The holiday table can be a place of joyful feasting with our loved ones. Or, it can be a painful reminder that there is an empty chair this year, where someone we miss desperately should be. It can be the place where someone gets drunk, makes and ass of themselves and starts drama that will last from Thanksgiving dinner until the midnight toast on New Year’s Eve. If it’s a dramatic display, we’ll still be talking about it next Christmas.
To be happy in this life it is necessary for us to embrace and adapt to change. Change begins in the mind. This means changing the way we think about something can change our experience. Choosing to open my heart back up to holiday fun has made each year a little better than the year before.
To make Christmas enjoyable for everyone at our house, I’ve had to change the way I think about it. I could choose to be a Grinch for the rest of my life because I didn’t have all the happy childhood experiences others have. I could stay sad that my kids grew up and the magic went away; or I could choose to make magic in new ways that feel fun, authentic and meaningful today.
Choosing to find some holiday cheer starts in the kitchen for me. I remember baking cookies with my grandmother, mom, aunt, sister and all my cousins when we were kids. I channel grandmother and use her tried and true family recipes to make something we call Christmas Diabetes. Baking, making old fashioned candies and preparing the big holiday meals fills my home with wonderful smells, and lots of happy bellies. This brings me joy.
My therapist says the best thing about allowing ourselves to just be where we are: “Stop shoulding yourself”.

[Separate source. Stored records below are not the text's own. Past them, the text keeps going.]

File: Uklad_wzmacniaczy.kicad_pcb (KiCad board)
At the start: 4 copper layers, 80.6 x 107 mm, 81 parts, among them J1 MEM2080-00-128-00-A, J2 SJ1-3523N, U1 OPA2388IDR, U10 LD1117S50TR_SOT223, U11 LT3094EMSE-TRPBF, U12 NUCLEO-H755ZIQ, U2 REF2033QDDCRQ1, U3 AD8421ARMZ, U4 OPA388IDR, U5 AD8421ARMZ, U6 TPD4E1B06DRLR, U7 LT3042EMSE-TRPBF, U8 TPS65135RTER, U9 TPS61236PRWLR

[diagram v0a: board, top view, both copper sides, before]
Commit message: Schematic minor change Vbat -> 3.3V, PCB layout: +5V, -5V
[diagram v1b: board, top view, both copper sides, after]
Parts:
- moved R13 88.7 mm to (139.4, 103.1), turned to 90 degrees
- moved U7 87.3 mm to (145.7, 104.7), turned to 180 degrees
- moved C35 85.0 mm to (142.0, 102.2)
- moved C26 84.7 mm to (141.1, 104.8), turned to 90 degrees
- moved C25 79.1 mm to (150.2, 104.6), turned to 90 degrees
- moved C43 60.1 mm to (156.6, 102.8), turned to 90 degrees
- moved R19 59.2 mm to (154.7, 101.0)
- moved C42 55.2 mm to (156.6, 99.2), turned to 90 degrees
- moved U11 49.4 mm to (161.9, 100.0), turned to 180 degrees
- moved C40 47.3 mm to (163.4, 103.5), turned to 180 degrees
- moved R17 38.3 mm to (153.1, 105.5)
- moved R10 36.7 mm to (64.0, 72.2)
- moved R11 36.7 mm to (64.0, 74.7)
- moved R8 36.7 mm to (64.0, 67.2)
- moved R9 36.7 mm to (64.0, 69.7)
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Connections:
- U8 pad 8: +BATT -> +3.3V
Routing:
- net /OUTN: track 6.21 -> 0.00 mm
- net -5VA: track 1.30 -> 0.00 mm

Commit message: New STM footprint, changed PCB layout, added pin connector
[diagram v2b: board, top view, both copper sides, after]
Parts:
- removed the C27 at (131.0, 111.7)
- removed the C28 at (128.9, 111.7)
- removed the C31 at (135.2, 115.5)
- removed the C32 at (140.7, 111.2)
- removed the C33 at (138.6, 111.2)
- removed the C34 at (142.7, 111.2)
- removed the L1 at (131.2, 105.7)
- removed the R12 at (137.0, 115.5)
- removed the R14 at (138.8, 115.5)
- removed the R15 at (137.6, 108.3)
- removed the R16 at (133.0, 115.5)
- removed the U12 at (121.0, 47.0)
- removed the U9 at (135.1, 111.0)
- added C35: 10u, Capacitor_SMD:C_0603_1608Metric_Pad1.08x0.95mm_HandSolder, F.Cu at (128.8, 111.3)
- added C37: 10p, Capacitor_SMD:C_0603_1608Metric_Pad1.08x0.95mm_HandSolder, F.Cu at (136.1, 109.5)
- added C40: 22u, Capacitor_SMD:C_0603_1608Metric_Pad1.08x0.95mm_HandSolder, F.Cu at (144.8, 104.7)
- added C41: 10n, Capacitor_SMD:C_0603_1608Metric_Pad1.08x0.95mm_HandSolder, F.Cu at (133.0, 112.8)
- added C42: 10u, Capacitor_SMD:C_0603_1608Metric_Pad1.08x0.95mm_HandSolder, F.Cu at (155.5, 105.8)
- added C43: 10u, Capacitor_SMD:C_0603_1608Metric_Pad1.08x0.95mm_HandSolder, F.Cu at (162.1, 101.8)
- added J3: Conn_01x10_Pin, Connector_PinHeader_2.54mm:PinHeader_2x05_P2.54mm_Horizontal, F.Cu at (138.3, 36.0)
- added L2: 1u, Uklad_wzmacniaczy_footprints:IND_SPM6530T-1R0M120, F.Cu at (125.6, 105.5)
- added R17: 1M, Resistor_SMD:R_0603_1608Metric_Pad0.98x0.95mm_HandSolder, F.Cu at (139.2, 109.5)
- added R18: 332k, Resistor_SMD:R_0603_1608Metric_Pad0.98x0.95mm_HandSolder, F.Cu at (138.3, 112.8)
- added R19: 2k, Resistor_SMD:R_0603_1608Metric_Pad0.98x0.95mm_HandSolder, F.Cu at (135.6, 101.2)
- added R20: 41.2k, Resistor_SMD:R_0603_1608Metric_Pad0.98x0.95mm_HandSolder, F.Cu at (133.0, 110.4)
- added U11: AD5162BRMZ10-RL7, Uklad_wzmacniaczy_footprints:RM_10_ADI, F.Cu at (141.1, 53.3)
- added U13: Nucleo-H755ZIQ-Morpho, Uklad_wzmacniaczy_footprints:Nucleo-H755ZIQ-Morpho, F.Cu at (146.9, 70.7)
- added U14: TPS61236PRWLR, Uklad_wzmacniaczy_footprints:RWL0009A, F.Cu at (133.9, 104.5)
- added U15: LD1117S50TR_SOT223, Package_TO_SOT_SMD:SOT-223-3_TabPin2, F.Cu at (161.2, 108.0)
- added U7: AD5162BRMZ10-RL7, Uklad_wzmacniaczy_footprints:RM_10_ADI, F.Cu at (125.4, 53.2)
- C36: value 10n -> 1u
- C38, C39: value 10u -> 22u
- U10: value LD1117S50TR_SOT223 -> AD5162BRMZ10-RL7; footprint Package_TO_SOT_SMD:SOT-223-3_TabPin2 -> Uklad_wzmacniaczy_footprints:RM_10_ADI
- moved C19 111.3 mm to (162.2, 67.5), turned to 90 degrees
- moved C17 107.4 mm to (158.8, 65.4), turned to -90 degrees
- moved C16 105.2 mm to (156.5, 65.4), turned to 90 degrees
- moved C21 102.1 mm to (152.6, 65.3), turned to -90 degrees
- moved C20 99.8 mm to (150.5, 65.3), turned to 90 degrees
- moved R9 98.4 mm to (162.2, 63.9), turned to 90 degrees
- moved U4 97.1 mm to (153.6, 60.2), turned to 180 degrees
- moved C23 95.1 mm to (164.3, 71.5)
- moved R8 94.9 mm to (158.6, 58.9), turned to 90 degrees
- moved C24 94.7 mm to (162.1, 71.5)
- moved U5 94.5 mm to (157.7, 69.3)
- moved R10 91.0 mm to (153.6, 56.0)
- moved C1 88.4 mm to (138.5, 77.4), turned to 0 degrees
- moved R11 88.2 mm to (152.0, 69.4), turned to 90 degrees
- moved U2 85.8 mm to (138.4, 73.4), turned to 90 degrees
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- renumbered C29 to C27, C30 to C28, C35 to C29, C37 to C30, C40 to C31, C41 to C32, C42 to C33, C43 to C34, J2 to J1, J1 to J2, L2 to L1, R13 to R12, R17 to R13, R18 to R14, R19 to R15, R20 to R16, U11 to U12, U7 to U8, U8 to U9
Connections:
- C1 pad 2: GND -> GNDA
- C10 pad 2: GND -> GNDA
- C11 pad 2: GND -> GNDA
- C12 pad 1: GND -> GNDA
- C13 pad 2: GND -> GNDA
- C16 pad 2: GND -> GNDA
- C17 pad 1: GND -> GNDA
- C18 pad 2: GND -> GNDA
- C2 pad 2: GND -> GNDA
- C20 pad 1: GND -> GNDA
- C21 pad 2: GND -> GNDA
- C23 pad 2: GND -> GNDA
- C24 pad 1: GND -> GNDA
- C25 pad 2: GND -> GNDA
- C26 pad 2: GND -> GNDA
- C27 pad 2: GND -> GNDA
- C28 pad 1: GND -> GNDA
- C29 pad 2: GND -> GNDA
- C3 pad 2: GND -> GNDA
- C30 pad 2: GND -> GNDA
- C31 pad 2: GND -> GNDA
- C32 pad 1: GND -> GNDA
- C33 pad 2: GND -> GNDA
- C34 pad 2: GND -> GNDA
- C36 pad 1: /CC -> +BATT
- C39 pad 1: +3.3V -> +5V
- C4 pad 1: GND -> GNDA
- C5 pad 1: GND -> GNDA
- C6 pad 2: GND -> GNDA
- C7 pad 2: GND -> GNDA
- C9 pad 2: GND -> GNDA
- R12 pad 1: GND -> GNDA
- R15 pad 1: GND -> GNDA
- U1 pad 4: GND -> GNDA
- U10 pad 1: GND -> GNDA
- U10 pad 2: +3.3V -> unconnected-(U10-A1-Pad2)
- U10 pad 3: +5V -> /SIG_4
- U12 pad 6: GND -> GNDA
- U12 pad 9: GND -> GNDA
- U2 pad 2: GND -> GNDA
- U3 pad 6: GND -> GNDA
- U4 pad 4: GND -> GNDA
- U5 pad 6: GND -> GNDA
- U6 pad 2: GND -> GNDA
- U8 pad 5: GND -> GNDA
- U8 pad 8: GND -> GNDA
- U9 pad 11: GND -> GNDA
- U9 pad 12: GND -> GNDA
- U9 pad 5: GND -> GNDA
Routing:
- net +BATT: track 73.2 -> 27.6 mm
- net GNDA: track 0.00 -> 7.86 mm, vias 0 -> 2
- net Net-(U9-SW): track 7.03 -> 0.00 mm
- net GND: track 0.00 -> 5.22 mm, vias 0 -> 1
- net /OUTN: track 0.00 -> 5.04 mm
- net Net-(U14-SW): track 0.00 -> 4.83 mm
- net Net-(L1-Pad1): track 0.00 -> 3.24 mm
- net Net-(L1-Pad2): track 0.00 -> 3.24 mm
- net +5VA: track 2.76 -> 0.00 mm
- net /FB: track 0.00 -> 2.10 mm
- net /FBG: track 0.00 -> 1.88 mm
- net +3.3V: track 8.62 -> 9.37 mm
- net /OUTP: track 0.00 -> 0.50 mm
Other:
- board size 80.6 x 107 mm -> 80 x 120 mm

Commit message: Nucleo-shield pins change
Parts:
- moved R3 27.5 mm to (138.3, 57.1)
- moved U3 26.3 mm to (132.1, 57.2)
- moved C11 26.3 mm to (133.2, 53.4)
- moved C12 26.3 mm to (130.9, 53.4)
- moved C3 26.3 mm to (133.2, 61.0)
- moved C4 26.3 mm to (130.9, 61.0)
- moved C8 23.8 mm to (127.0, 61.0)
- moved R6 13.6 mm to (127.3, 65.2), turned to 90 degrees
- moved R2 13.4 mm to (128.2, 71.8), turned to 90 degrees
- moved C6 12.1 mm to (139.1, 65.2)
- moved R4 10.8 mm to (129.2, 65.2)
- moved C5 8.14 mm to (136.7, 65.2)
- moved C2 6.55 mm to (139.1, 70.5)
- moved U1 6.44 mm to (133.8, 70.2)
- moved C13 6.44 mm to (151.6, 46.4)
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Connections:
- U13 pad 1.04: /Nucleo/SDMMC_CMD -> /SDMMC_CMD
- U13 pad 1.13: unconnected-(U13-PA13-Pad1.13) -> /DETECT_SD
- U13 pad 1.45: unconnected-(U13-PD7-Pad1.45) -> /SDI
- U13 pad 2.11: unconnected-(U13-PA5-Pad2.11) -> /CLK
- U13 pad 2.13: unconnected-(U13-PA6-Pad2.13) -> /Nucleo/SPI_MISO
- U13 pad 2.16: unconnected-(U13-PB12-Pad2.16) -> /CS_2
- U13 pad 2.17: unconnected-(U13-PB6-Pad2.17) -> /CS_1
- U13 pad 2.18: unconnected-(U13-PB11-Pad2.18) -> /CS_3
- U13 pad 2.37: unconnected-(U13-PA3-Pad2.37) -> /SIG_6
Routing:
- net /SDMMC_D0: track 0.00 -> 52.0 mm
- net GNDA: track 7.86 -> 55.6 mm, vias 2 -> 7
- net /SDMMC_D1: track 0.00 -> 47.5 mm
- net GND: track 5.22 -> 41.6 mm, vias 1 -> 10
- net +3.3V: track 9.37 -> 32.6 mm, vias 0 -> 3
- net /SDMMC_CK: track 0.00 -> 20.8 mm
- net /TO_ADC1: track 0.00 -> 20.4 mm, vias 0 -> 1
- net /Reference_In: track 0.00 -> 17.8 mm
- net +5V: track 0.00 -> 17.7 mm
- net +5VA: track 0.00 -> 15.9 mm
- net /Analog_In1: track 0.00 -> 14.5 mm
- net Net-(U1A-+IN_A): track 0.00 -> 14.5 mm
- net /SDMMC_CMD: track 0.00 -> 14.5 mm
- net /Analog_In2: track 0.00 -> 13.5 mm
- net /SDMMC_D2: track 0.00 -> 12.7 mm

It means stop making myself feel bad for not doing something I don’t really want to do. Honor my boundaries even when people don’t love them. Be ok with natural human limitations and imperfections. It’s a great reminder to just be who I am and do what I can. This means feeling how I feel even if it’s not pretty.
If you need permission to feel what you feel this holiday season; this is your permission slip. Don’t should yourself. Just do the best you can. That’s all anyone can do. If you’re not feeling the holiday frenzy this year, give yourself permission to do what feels right to you. Choose meaningful ways to connect with your people. Gift yourself something decadent. Take time to rest and relax.
There is no right way to holiday — do your thing and let others adjust their expectations.